Greenlight Collectibles
- Predecessor: Davey Sports Management Inc. Radius Group Inc.
- Founded: 2002; 23 years ago
- Founder: Kevin Davey
- Headquarters: Indianapolis, U.S.
- Key people: Vincent Tang, Walter Tang, Katie Roland
- Products: Scale model cars, trucks, military vehicles
- Number of employees: 20 (2016)
- Website: greenlighttoys.com

= Greenlight Collectibles =

American model car manufacturer

Greenlight Collectibles or simply Greenlight is an American manufacturing company based in Indianapolis, which produces die-cast scale model vehicles. The company was founded in 2002, and mainly produces diecast models of cars, trucks, and other vehicles.

==History==
Greenlight was founded in 2002 by Kevin Davey, originating from sporting-goods companies Davey Sports Management Inc. and Radius Group Inc.
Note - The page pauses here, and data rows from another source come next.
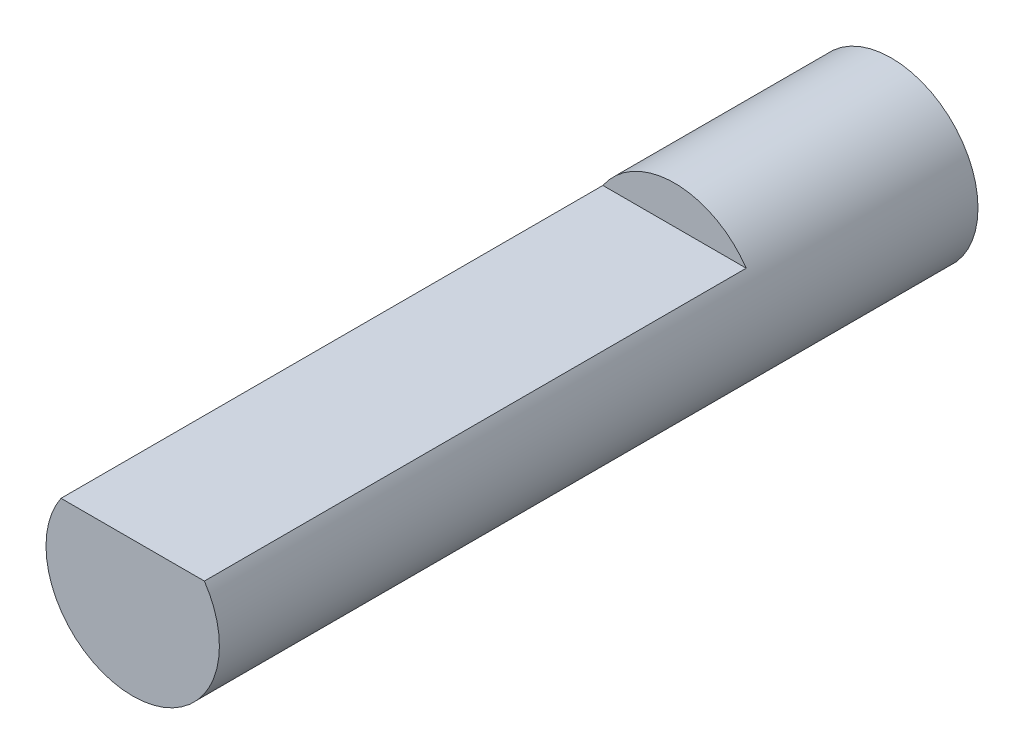
SolidWorks part; units mm, degrees
ref_plane "Front Plane" through (0, 0, 0) normal (0, 0, 1) x (1, 0, 0)
ref_plane "Top Plane" through (0, 0, 0) normal (0, 1, 0) x (1, 0, 0)
ref_plane "Right Plane" through (0, 0, 0) normal (1, 0, 0) x (0, 0, -1)
sketch "Sketch1" plane through (0, 0, 0) normal (0, 0, 1) x (1, 0, 0)
  circle A0 centre (0, 0) radius 1.6
  dimension "D1" = 3.2
extrude "Boss-Extrude1" add sketch "Sketch1" along normal blind 14
sketch "Sketch3" plane through (0, 0, 14) normal (0, 0, 1) x (1, 0, 0)
  line L0 (-1.3229, 0.9) -> (1.3229, 0.9)
  circle A0 centre (0, 0) radius 1.6 construction
  circle A1 centre (0, 0) radius 1.6 construction
  circle A2 centre (0, 0) radius 1.6
  circle M1 centre (0, 0) radius 1.6
  dimension "D1" = 0.9
extrude "Cut-Extrude1" cut sketch "Sketch3" against normal blind 10 contours L0 M1

The company initially sold sports-oriented goods and IndyCar replicas. Later it took a turn to producing diecast toy cars and replicas. It was acquired by Russell Hughes, Tom van der Scheun and Fred Lo in 2013. Hughes focused on obtaining a license from movies and TV-shows to produce vehicles associated with them. The brand already had a successful experience in 2010 of selling replicas of Ford Mustang featured in the film Bullitt. The company saw substantial revenue growth since then, reaching $12.5 million in 2015 and tripling the revenue of 2013.

== Characteristics ==
Greenlight products focus on providing details and aim to produce diecast models which are meant for collecting. Among the top-selling products are replicas of vehicles featured in movies and TV shows, including the Fast and Furious series, Gone in 60 Seconds and Supernatural. Greenlight offers some products a limited line known as Green Machine which only counts for 3 percent of a total production run. Demographically, more than 80 percent of buyers of Greenlight products are older than 18 years old and 88 percent are male. While 70 percent of the products are sold domestically, they are also sold internationally in more than 40 countries through local retailers. Their diecast models are produced in 1:18, 1:24, 1:43 and 1:64 scales, with the 1:64 size being sold the most. A new line of 1:12 scale products was launched during 2020.

Among the brand's 2022 offerings were a 1966 Ford Thunderbird convertible featured in the 1991 Hollywood classic Thelma & Louise, as well as cars featured in Riptide, MacGyver and others, as part of Greenlight's Hollywood car models series.